The insurance assessor found lots of surface damage which had obviously been caused by a flood of semi-biblical proportions. However there was a lip around the foundations and that appeared to have diverted the bulk of the water around the house and across the garden rather than letting it underneath and so the foundations seemed unharmed. Indeed, he claimed they were in surprisingly good condition for a house as old as mine.

"The garden is saturated," he said. "But it should be OK once it has had a chance to dry out."

As these words left his lips, it started to rain…

Once I read a short story in which a man had the power to make it stop raining. Whenever it started he would say "Rain, rain go away. Come again another day." And the rain would go. The dénouement of the story was that one day all the rain he’d wished away for so long came back - all on the same day. That day has now arrived in New Zealand. Those few drops of rain that appeared just as the insurance assessor spoke have continued unabated. Some of New Zealand’s heaviest ever rainfall has been recorded over the last few weeks and large areas of the country have been flooded. Since I got a head start over everybody else in the street, my garden is now mostly liquid.

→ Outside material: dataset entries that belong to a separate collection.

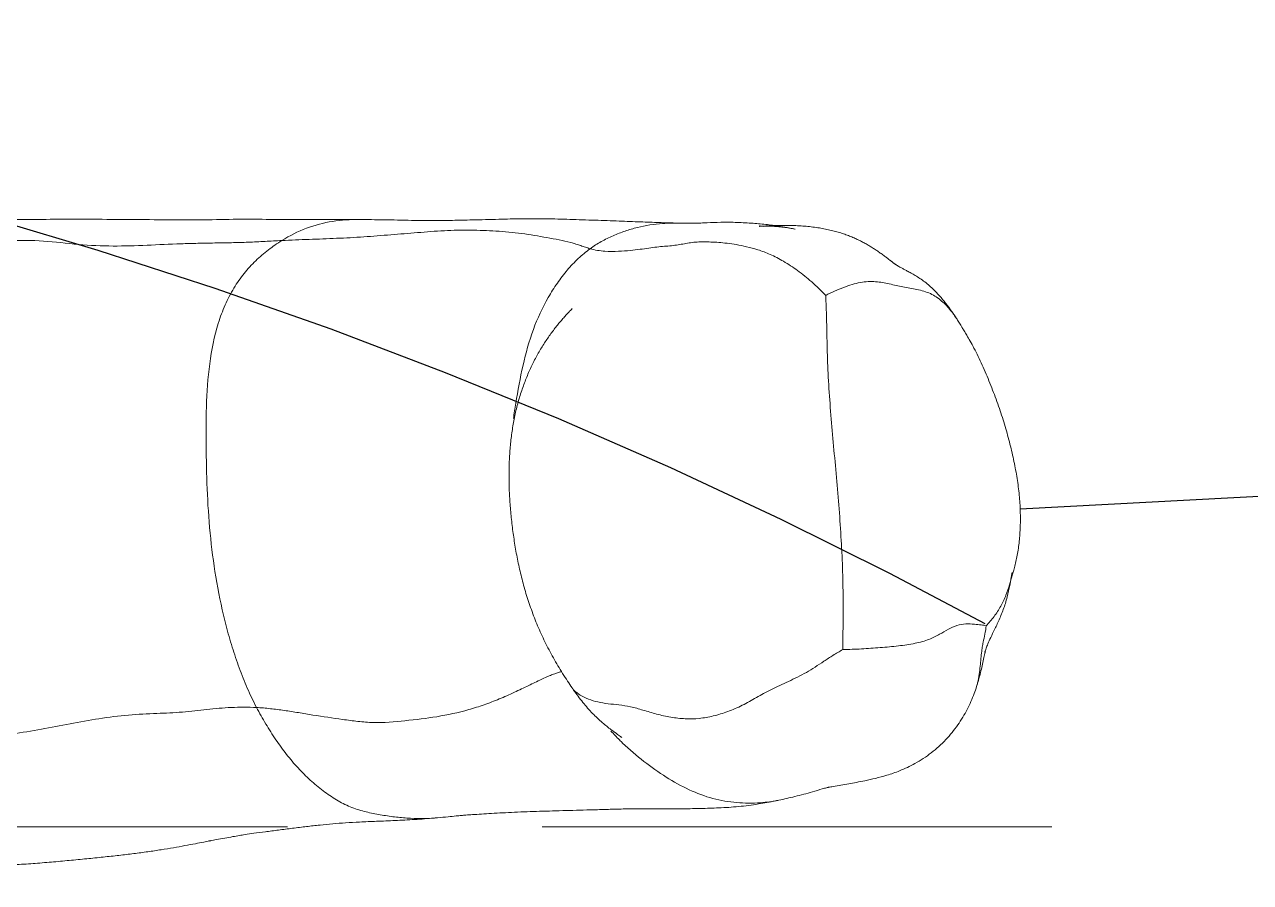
# Model space of a CAD drawing. Header units: inches. Extents: x 149964 to 151052, y -48230 to -47460.
# Drawn here: x 150884.1 to 150896.32, y -47627.28 to -47618.72 of the extents above; entities that cross this region are included whole.
import ezdxf

# ---------------------------------------------------------------- set-up
doc = ezdxf.new("R2010")
doc.units = ezdxf.units.IN
doc.header["$LTSCALE"] = 2
doc.header["$MEASUREMENT"] = 0
doc.linetypes.add('HIDDEN', pattern=[9.524999999999999, 6.35, -3.175])
doc.layers.get('0').update_dxf_attribs({"linetype": 'CONTINUOUS'})
doc.layers.add('PRODUCT', color=1, linetype='CONTINUOUS', lineweight=15)
doc.layers.add('WR', color=122, linetype='HIDDEN', lineweight=18)
doc.layers.add('SILDE', color=6, linetype='CONTINUOUS')

# ---------------------------------------------------------------- blocks, each defined once
blk = doc.blocks.new('20160720.142035')
at = {"layer": 'PRODUCT', "linetype": 'ByBlock'}
for p, q in [((-5.092039078008384, -48.75698838469543), (-5.091954225936206, -48.75606981594319)), ((-6.387333259830484, -50.09697088037501), (-6.387440505786799, -50.09689691599488)), ((-11.02034349835594, -51.16684246528894), (-11.02033471674076, -51.16726837261376)), ((-5.2673826336395, -52.15803472789412), (-5.267103652411606, -52.15667966482579)), ((-10.07843521793257, -53.92277913092403), (-10.07560296321753, -53.92463347347802)), ((-6.400549123238306, -54.12911491674458), (-6.396784593496704, -54.12793422798131)), ((-7.436048326257151, -54.46381928438495), (-7.434011530189309, -54.46324280088447))]:
    blk.add_line(p, q, dxfattribs=at)
for points, start_tangent, end_tangent in [([(-10.83034122467507, -43.07867169597012), (-10.82290559541434, -43.25642042813706), (-10.81720544485142, -43.43382093973923), (-10.81399419598165, -43.61058848687389), (-10.8150906188821, -43.78641440407955), (-10.83104380514123, -44.13484940624767), (-10.84631904549315, -44.48133249449165), (-10.84113117400557, -44.82903946787701), (-10.80754138235352, -45.17630965166609), (-10.79162746280781, -45.52135873180669), (-10.79998851529672, -45.8608459744064), (-10.81414755247533, -46.19835810593941), (-10.81881512838299, -46.36693448798906), (-10.82201975726639, -46.53518031793647), (-10.82501278677955, -46.70287774835015), (-10.82978527306113, -46.8700821638995), (-10.83766704346635, -47.03689899607707), (-10.84660330193583, -47.20336062886054)], (0.04571358999290905, -0.9989545874012292), (-0.0510607771777478, -0.9986955477191256)), ([(-11.05510566273006, -47.97872077007924), (-11.05553415583563, -47.70755866883701), (-11.05506394704571, -47.37158331653336), (-11.05767296662088, -47.04957831099455), (-11.05833372258348, -46.72042336810409), (-11.05246602071566, -46.38500840380584), (-11.05367759978981, -46.02884682870354), (-11.05649217654718, -45.64388525903632), (-11.05856179105467, -45.27465457438666), (-11.05826513576903, -44.93465787636524), (-11.05610116600292, -44.61950082218391), (-11.05595227851882, -44.3034244060982), (-11.05733587066061, -43.93734052977379), (-11.06012669840129, -43.52204674121458), (-11.06493466944085, -43.1376853741167)], (-0.00539347332514941, 0.9999854551169686), (0.001797543884637689, 0.9999983844166864)), ([(-6.192237151757581, -46.95147016465489), (-6.19375752742053, -46.82617723544536), (-6.19146143636317, -46.701358310449), (-6.183649994520238, -46.578390709823), (-6.171696296049049, -46.45688950669137), (-6.157987697515637, -46.33591247533332), (-6.145896624657325, -46.21405044170388), (-6.132124072202714, -45.95885863508011), (-6.115445883508073, -45.67532366302476), (-6.079366078862222, -45.38163125170104), (-6.027746418840252, -45.09308810279617), (-5.974076575686922, -44.80693346157204), (-5.927377093379619, -44.5179231874572), (-5.88700129231438, -44.22630178861436), (-5.846240814425983, -43.93361237928912), (-5.802311729930807, -43.64066813254612)], (-0.02040387468842778, 0.9997918192792432), (0.1551566720671702, 0.9878898760049324)), ([(-4.608739600051194, -44.13674430736864), (-4.60988875082694, -44.17655891698814), (-4.615721118985675, -44.3543168071119), (-4.624136505648494, -44.53968742103461), (-4.635910547833191, -44.72417341986147), (-4.650430853827856, -44.90683116018045), (-4.666485920548439, -45.08586520423705), (-4.683253079041606, -45.25907308947353), (-4.700314765737858, -45.42457272782485), (-4.717401305009844, -45.5808170201999), (-4.734955134132179, -45.72839698162716), (-4.753550041059498, -45.86851684187423), (-4.77338396338746, -46.00114805642806), (-4.793870380963199, -46.12483234158572), (-4.814242229389492, -46.23868909566227), (-4.833783419162501, -46.34199866365816), (-4.850326817599125, -46.42654349077202), (-4.861331249267096, -46.48217954723805), (-4.862447797262575, -46.48791556374636)], (-0.02876152674207032, -0.9995863017165977), (-0.1910041327010626, -0.9815892324649425)), ([(-6.192237151757581, -46.95147016465489), (-6.38410570716951, -46.86007728102413), (-6.58647296827985, -46.77958177201072), (-6.793791113886982, -46.70957821871707), (-7.00506986406981, -46.64932209214021), (-7.437803834181977, -46.55564349948691), (-7.876020082447212, -46.49525083856861), (-8.315391998650739, -46.46212085923617), (-8.7536176534486, -46.45068986978004), (-9.18954251363175, -46.4522538250676), (-9.617788206174737, -46.4850823009765), (-10.02102011276293, -46.57060695651307), (-10.20529106844333, -46.63996129969019), (-10.37246849664371, -46.72658449113806), (-10.51903932343703, -46.82841744737379), (-10.64573263569036, -46.94380305057712), (-10.75433282018639, -47.07047904123465), (-10.84660330193583, -47.20336062886054)], (-0.8859017250235595, 0.4638729714051915), (-0.5341265597005801, -0.8454045293363542)), ([(-4.874026877776487, -46.55184990029375), (-4.889165331202094, -46.63494256757986), (-4.903721241891617, -46.71540305846429), (-4.915134667884558, -46.78090465285641), (-4.924219993932638, -46.83706415668712), (-4.936962081788806, -46.92422748087847), (-4.952458153828047, -47.03978771961556), (-4.969253664981807, -47.17073432889447), (-4.987139338743873, -47.31066166371602), (-5.004616577934939, -47.45128742264205), (-5.019732132990612, -47.58455032880738), (-5.031934955710312, -47.71144307975919), (-5.04175376414787, -47.83946599387127), (-5.049593896226725, -47.97879061662388), (-5.056891240121331, -48.14756237754045), (-5.064650833315682, -48.33277786771941), (-5.074756787129445, -48.52792221293203), (-5.089350624097278, -48.72710058408848), (-5.092044160468504, -48.75698791457398)], (-0.178330210893511, -0.9839706986911123), (-0.09210493774619431, -0.9957493060217364)), ([(-4.862583717273083, -46.48788928762951), (-4.86019623989705, -46.4754792237436), (-4.86232857775758, -46.48729963797086), (-4.874026877776487, -46.55184990029375)], (0.1856698058468672, 0.9826121936943317), (-0.1783302109484592, -0.9839706986811538)), ([(-4.862447797262575, -46.48791556374636), (-4.864383769017877, -46.49784365348023)], (-0.1910041343095204, -0.981589232151958), (-0.1924855832859318, -0.9812998013996918)), ([(-6.54321642263676, -49.97186856968619), (-6.542428673157701, -49.96901826118119), (-6.531672516430262, -49.9344007605614), (-6.516255120368442, -49.89282727242971), (-6.495706993213389, -49.84449744821904), (-6.470636080484837, -49.78993025913223), (-6.410435117344605, -49.66447899003106), (-6.342952237522695, -49.52205115620745), (-6.27661371792783, -49.37137358217296), (-6.218613154574996, -49.21987430429726), (-6.170087147242157, -49.06663707402186), (-6.099901947745821, -48.75018669451674), (-6.059242725925287, -48.43158675182349), (-6.041570549859898, -48.11703160075558), (-6.052696571336128, -47.96238058581366), (-6.072614851145772, -47.8101111406213), (-6.116390312934527, -47.51402163514285), (-6.140083901700564, -47.37023469221458), (-6.162160717940424, -47.22902971528674), (-6.17958616183023, -47.08990049729618), (-6.192237151757581, -46.95147016465489)], (0.2638246693612433, 0.9645706525892391), (-0.07488691783133958, 0.9971920324279181)), ([(-5.091951314854668, -48.75607008379302), (-5.089848907489795, -48.7314704316741), (-5.084222917736042, -48.59201287252654), (-5.088837256276747, -48.45162047674967), (-5.102867606590735, -48.31009983980039), (-5.124841149285203, -48.16805616908823), (-5.155003959604073, -48.02637816612696), (-5.201126195810502, -47.8862898958032), (-5.270441809581826, -47.74906305116019), (-5.360515841894085, -47.61582447505498), (-5.467115804814966, -47.48769590933807), (-5.588488004083047, -47.36592354359163), (-5.723379590548575, -47.25151258241385), (-5.87006230163388, -47.14437984204415), (-6.026792086049682, -47.0442878248723), (-6.192237151757581, -46.95147016465489)], (0.09163064555574875, 0.995793063239063), (-0.8850133526121278, 0.4655656405902842)), ([(-10.84660330193583, -47.20336062886054), (-10.9685861528269, -47.44962271655095), (-11.03715455092606, -47.71010014173953), (-11.05520406190772, -47.97568431280524)], (-0.5339251182062877, -0.8455317664927805), (0.008708990384546996, -0.9999620760241269)), ([(-10.84660330193583, -47.20336062886054), (-10.85797395493137, -47.47637147888599), (-10.86844131711405, -47.74911478902504), (-10.88336476683617, -48.02108473935368), (-10.90424910132424, -48.28995079295419), (-10.92549475588021, -48.55713442041451), (-10.94477192938211, -48.8238263588064), (-10.94967930921121, -49.08403183068003), (-10.94054390818928, -49.33802085492061), (-10.91665270095109, -49.59531826864986), (-10.89764128235402, -49.72128430370503), (-10.87594743029331, -49.84570097059623), (-10.85329407648533, -49.96863114854204), (-10.82701064355206, -50.08328197109222), (-10.81158884515753, -50.13519695413561), (-10.7954001443286, -50.18396828197729), (-10.77952739741886, -50.23064883922052), (-10.76505346019985, -50.27629151005385)], (-0.05020627371629587, -0.9987388698150904), (0.2836363411920818, -0.9589319193535947)), ([(-11.0203067685361, -51.16684168488428), (-11.0212854105921, -51.12539196028956), (-11.02584340953035, -50.96641766984249), (-11.03230547337444, -50.78066806624702), (-11.04034316088655, -50.56555496132933), (-11.04903523542453, -50.32543325109873), (-11.05699233722407, -50.07447232044069), (-11.063235202746, -49.83520710247831), (-11.06363663874799, -49.59281499138888), (-11.05816267922637, -49.36863865617488), (-11.05218300328124, -49.10174422237469), (-11.04762831862899, -48.90517679611366), (-11.0450775186473, -48.69603818942414), (-11.04772023743135, -48.49627660092665), (-11.0533948126249, -48.22013296320074), (-11.05525510697044, -47.97568458606111)], (-0.02124202435123602, 0.9997743627446452), (-0.005393769295272933, 0.9999854535205948)), ([(-5.091925641347189, -48.75575952918734), (-5.102097848284757, -48.86138942858088), (-5.110171911044745, -48.94282655304414), (-5.114781730051618, -48.99239297639724), (-5.118486457387917, -49.03829213071731), (-5.123176518653054, -49.10459261246433), (-5.128889542422257, -49.19284451400017), (-5.134985866490752, -49.29383271419647), (-5.141078151762486, -49.40433855753508), (-5.146855993400095, -49.52357906918041), (-5.152027072879719, -49.64782847208699), (-5.156480146048125, -49.77384352109948), (-5.16041807239526, -49.90318708542327), (-5.164117117383284, -50.03674318792764), (-5.167832584877033, -50.1740516368518), (-5.171601549664047, -50.31478988821618), (-5.17565786401974, -50.45982157059188), (-5.179780383972684, -50.60572713490546), (-5.182235807733377, -50.74367576817167), (-5.182330063194968, -50.89662300540658), (-5.181634984473931, -51.05332245360478), (-5.18203046938288, -51.21206472383346), (-5.184577351756161, -51.37968017888488), (-5.190459160337923, -51.55976166899927), (-5.204050545580685, -51.75637783452839), (-5.229811899043852, -51.95486887379229), (-5.260353945835959, -52.12345154843206), (-5.267396320210537, -52.15803189984581)], (-0.09170200083753836, -0.9957864947077723), (-0.2023476009417687, -0.9793137640169828)), ([(-10.0857391001191, -50.02159168972867), (-10.05034362347214, -49.99067854595341), (-10.01224164257292, -49.95878840456862), (-9.971896085626213, -49.92659995805298), (-9.929312688967912, -49.89432895753271), (-9.884477484214585, -49.8621463971358), (-9.837403940648073, -49.83024649771687), (-9.788135803159093, -49.79884036856674), (-9.736750558833592, -49.76815205023013), (-9.6834041835682, -49.73843739666336), (-9.628389742749278, -49.70999510007823), (-9.572116853756597, -49.68307032103621), (-9.514897115936037, -49.65771646663052), (-9.45669507124694, -49.63384024012339), (-9.396956908458378, -49.61122136548511), (-9.334886611206457, -49.58969030420849), (-9.270068058365723, -49.56935246025387), (-9.202911505504744, -49.55063012331084), (-9.134894914284814, -49.53405123680568), (-9.066526500217151, -49.51964462032629), (-8.997731665003812, -49.50726224781101), (-8.928401386161568, -49.49676215380896), (-8.85850666105398, -49.48802928753867), (-8.788012818229618, -49.48095950250718), (-8.716802756214747, -49.47548629868106), (-8.644915336772101, -49.47159294766607), (-8.572375810501399, -49.46926118319243), (-8.499175321921939, -49.46847286568664), (-8.425303094903938, -49.46921383326844), (-8.35076517626294, -49.47147218272585), (-8.275561194081092, -49.47522267275053), (-8.199645659682574, -49.48043445577059), (-8.122934213693952, -49.48708391614491), (-8.04533028267906, -49.49515550968499), (-7.966868432733463, -49.50462399944809), (-7.888241728971479, -49.51539952262101), (-7.809477706963662, -49.52756020955712), (-7.730468017369276, -49.54123370470916), (-7.651026837062091, -49.55658126802155), (-7.571036956825992, -49.57377585773793), (-7.490561141370563, -49.59296357611311), (-7.409805141622201, -49.61421459587291), (-7.328878131462261, -49.63760075296886), (-7.247887778037693, -49.66320261098736), (-7.167015418584924, -49.69108554621198), (-7.086551853135461, -49.72127097475459), (-7.006533739622682, -49.75381226160243), (-6.926640598248923, -49.78888480248861), (-6.846594109025318, -49.82668436192034), (-6.766422114422312, -49.86727772031736), (-6.686787726648618, -49.91034848094569), (-6.608252439327771, -49.95550493102928), (-6.530520997650456, -50.0028212258112), (-6.453334275924135, -50.0524250095259), (-6.387333247897914, -50.09697086324013)], (0.7470093100151222, 0.6648135759374436), (0.8230069337212963, -0.5680313257617663)), ([(-9.071188066183822, -49.51205813164415), (-9.223922436445719, -49.5361416250089), (-9.602706541365478, -49.60811707963148), (-9.960128902137512, -49.71180247347365), (-10.27911406336352, -49.85994980052055)], (-0.9894512412646748, -0.1448662871747403), (-0.8688966919104978, -0.49499347347919)), ([(-10.27911406336352, -49.85994980052055), (-10.42285845137667, -49.95037999661872), (-10.55171850018087, -50.04963832229987), (-10.6670413974789, -50.1591051557989), (-10.76505346019985, -50.27629151005385)], (-0.868896691928725, -0.4949934734471943), (-0.5930035891992458, -0.8051998156959626)), ([(-6.54835907270899, -49.99242817724735), (-6.54321642263676, -49.97186856968619)], (0.2189327577870247, 0.975739948740323), (0.2638246701110353, 0.9645706523841597)), ([(-10.1693355567113, -50.09900072249729), (-10.16958712288761, -50.09923381025146), (-10.15973305210355, -50.08987030907883), (-10.14115038805176, -50.07232256823045)], (-0.7318674609805288, -0.6814470042181666), (0.7294688875360102, 0.6840139926324429)), ([(-10.14115038805176, -50.07232256823045), (-10.11644690076355, -50.04937644066376), (-10.0857391001191, -50.02159168972867)], (0.7294688875311619, 0.6840139926376134), (0.7470093104358531, 0.6648135754646948)), ([(-6.768148971284973, -52.79447732021072), (-6.710683831217466, -52.69767771115585), (-6.651910179265542, -52.60700227594498), (-6.59450998425018, -52.51950735985884), (-6.541165214875946, -52.43224930847646), (-6.45101950597018, -52.25375772561529), (-6.410850810672855, -52.16638363341917), (-6.371177190769231, -52.08342101225571), (-6.330497898190515, -52.00647157699859), (-6.289632284926483, -51.93405288740178), (-6.21293960508774, -51.79379382928892), (-6.150778961455217, -51.6490368238301), (-6.106769337959122, -51.50385812987224), (-6.082693052623654, -51.36406964386697), (-6.079046586091863, -51.22474254302506), (-6.09504148576525, -51.08092690342892), (-6.126035404682625, -50.93832911740901), (-6.164926254772581, -50.80392595886224), (-6.19862687739078, -50.6791194132893), (-6.217198594182264, -50.56356776499888), (-6.229281717183767, -50.45552928523102), (-6.246610999427503, -50.35367203821079), (-6.274719969311263, -50.25970327606046), (-6.31568485731259, -50.17744095293165), (-6.339372540067416, -50.14349701665196), (-6.363953927648254, -50.11610664382169), (-6.387333495455096, -50.09697122156649)], (0.4834584751478118, 0.8753672959436815), (-0.822790551794916, 0.56834470867337)), ([(-6.387439268117305, -50.09689512048499), (-6.364728228014428, -50.11270672178216), (-6.2422234970727, -50.20466429189401), (-6.132615527283633, -50.30105360910238), (-6.039750852622092, -50.39966934814584), (-5.969513224525144, -50.48698671834427), (-5.922248074872186, -50.55140845230198), (-5.896464300574735, -50.58765261240478), (-5.89304839677061, -50.59248844148533), (-5.892031464609317, -50.5940495604591)], (0.823319265060561, -0.5675785300556546), (-0.5979198672407426, -0.8015558822432861)), ([(-10.76505346019985, -50.27629151005385), (-10.83589524115087, -50.38795096911053), (-10.89379758402356, -50.50542484473408), (-10.94083598823636, -50.62538843826042), (-10.97685164082213, -50.7477478742876), (-11.01573550869944, -50.99977676239359), (-11.02031326369615, -51.16684185155464)], (-0.5883303176294532, -0.8086207005500333), (0.02029366766713954, -0.999794062321144)), ([(-10.76505346019985, -50.27629151005385), (-10.73995576711604, -50.42412303459423), (-10.73949582673959, -50.56134392192325), (-10.74758201802615, -50.67676979942917), (-10.75904244132107, -50.77469096099958), (-10.77138328237925, -50.86225849568291), (-10.781903347146, -50.94259200483066), (-10.78894825125462, -51.01748906402645), (-10.79525823134463, -51.08749062995048), (-10.80380591822905, -51.1531156173005), (-10.81409889948554, -51.21605138915038), (-10.82444383518305, -51.27833872077463), (-10.83180871722288, -51.34226359008608), (-10.83378856160562, -51.40983547551878), (-10.83182514904183, -51.48171265660494), (-10.82754519864102, -51.55850757573353), (-10.81946842101752, -51.64200052661909), (-10.8055523034127, -51.73406648805394), (-10.78461244716891, -51.83579132846353), (-10.75448963957024, -51.94796842517826), (-10.7082672973338, -52.07101030148624), (-10.63942662475165, -52.20435507488583), (-10.54779734867043, -52.34392409116845), (-10.43445735261776, -52.48518336575944), (-10.29912862402853, -52.62529436363548)], (0.2840354413330237, -0.9588137817463589), (0.7259502627966168, -0.6877472035170503)), ([(-5.867690753686475, -50.5691593714364), (-5.956761962588644, -50.48451247976482)], (-0.7073956557582044, 0.7068177885526227), (-0.7412288134521677, 0.6712524458862636)), ([(-5.267110237124143, -52.15667831373139), (-5.24217340402538, -51.97458191746409), (-5.243061604618561, -51.738119954789), (-5.284395431925077, -51.50000802022987), (-5.371721119503491, -51.26496492294245), (-5.49709637768683, -51.03528980709962), (-5.653332933172351, -50.81369092294335), (-5.836669686977984, -50.60075153594516), (-5.867690753686475, -50.5691593714364)], (0.200996354310485, 0.9795919893271351), (-0.7073956554343596, 0.7068177888767322)), ([(-11.01863005125779, -51.90145508326532), (-11.02698697478627, -51.74410265095503), (-11.02862024915521, -51.57865044770733), (-11.02391690606601, -51.44284548999713), (-11.02100526893628, -51.38112220562471), (-11.01956080910168, -51.32571675921645), (-11.01933684811229, -51.23410520697507), (-11.02033186532208, -51.1672683138604)], (-0.07170729161238625, 0.9974257187027092), (-0.02060966901106493, 0.9997875982143679)), ([(-11.00528120875242, -52.04503347474383), (-11.01863005125779, -51.90145508326532)], (-0.1165060585461031, 0.9931899809815098), (-0.07170729157250483, 0.9974257187055766)), ([(-10.99604915894452, -52.11342575729213), (-10.9954878926219, -52.09861201659078), (-10.99251288676169, -52.0379302919464), (-10.9893877125578, -51.98946494401025), (-10.98758132162038, -51.96420616177056), (-10.98840800314792, -51.97981162677752), (-10.98950458649779, -52.00852902256884), (-10.99002304972964, -52.03827144217212), (-10.98990877851611, -52.06249370337173), (-10.98928582097869, -52.08512268488994), (-10.98781523271464, -52.11323208785325), (-10.98426568787545, -52.15692680695065), (-10.97712895149016, -52.21899243199005), (-10.96775231059291, -52.28112165015045), (-10.96046945205308, -52.32119594137475), (-10.97057573657366, -52.27085292388074), (-10.98742375150323, -52.17556083749514), (-11.00528120875242, -52.04503347474383)], (0.03527839353977751, 0.9993775237362769), (-0.1165060589031417, 0.9931899809396274)), ([(-10.07560325658415, -53.92463392319769), (-10.09685086790705, -53.91057447871572), (-10.13057848910103, -53.88754640934349), (-10.16396545010502, -53.86392616673402), (-10.19751588138752, -53.83921090526565), (-10.23213803762337, -53.81243082229776), (-10.26822381670354, -53.78288544884708), (-10.30577096622437, -53.75003868077329), (-10.34489382428001, -53.71298043367278), (-10.38500159210525, -53.67102088737738), (-10.42409833011334, -53.6248695261238), (-10.46003781878971, -53.57643280550838), (-10.49121198084322, -53.52867102398159), (-10.51700565058854, -53.48475229778705), (-10.53792107809568, -53.44662211729155), (-10.55534332673415, -53.41404229912587), (-10.5701055615209, -53.38662988928991), (-10.58251284342259, -53.36419335678511), (-10.59257403909578, -53.34665896406659), (-10.6001277610776, -53.33403044656734), (-10.60500982991653, -53.32621104752616), (-10.60892125676037, -53.32022379909176), (-10.61306174978381, -53.31412510658993), (-10.61738225797308, -53.30797156593326), (-10.62185515419696, -53.3017837870284), (-10.62647076678695, -53.29555578321015), (-10.6312334187387, -53.28926257180137), (-10.63609721590183, -53.28294370495132), (-10.64100788076757, -53.27664516731602), (-10.64595156657742, -53.27035883531062), (-10.65206797901192, -53.26261362402147), (-10.66388074937277, -53.24757659807801), (-10.68505259338417, -53.2200514053111), (-10.71003610809566, -53.18634168806602), (-10.73409954379895, -53.15236061807082), (-10.757321915793, -53.11789180121559), (-10.77974179884768, -53.08275208395207), (-10.80142546223942, -53.04667207662715), (-10.82241097057704, -53.00936435008043), (-10.84273467102321, -52.97048908283614), (-10.86250515384017, -52.9294614370956), (-10.88173721171916, -52.88569302065298), (-10.90021210216219, -52.83895083561947), (-10.91760302273906, -52.78921837014059), (-10.93358755786903, -52.73657490523328), (-10.94802021750365, -52.68095470272965), (-10.96071525540901, -52.62273952343094), (-10.9716579237429, -52.56176329041773), (-10.98084096191451, -52.49773304592236), (-10.9881751241046, -52.4307258409608), (-10.99345797745627, -52.36185740905057), (-10.99661908211419, -52.29284251309582), (-10.99780365382321, -52.22559551082668), (-10.99732754557044, -52.16114159505378), (-10.9954878926219, -52.09861201659078), (-10.99251288676169, -52.0379302919464), (-10.9893877125578, -51.98946494401025), (-10.98758300839108, -51.96402559024864)], (-0.8375495390471658, 0.5463613910607887), (0.9970533974786626, -0.07671064187096908)), ([(-5.267100210825447, -52.15668037495197), (-5.303652863600291, -52.31820742542186), (-5.350588121684268, -52.49336518580822), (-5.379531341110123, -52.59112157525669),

A notice arrived from the council. On 25th July 1998 the water supply would be cut off from 9.30am to 12.30pm for repairs to be made to the pipes. Huge bulldozers appeared and dumped half the road on the grass verge outside my house (I no longer have a grass verge. Good - it doesn’t have to be mowed). Miles of bright orange pipes vanished underground to the accompaniment of much foul language as it was discovered that these were metric pipes and those in situ were imperial and the two could not be joined together.

And still it rained, converting the bulldozed trenches into a foul quagmire. Men in yellow ponchos accumulated. I didn’t count, but I had the distinct impression that far more of them jumped down into the trenches than ever came out again. Mysterious blue mechanisms were stacked higgledy piggledy in next door’s garden.

At the appointed time I turned on a tap. Compressed air at enormous pressure hissed from the outlet, closely followed by enormous gobbets of mud.

The coffee had an interesting taste for the next few days and I will draw a veil over the state of my underwear after it was washed.

I have a friend who is an excitable speaker. As she becomes more enthusiastic in her conversation she has a tendency to spray spittle. Recently she managed the enormously impressive feat of spitting behind my glasses.

Given my current relationship to the liquid world, I wasn’t surprised.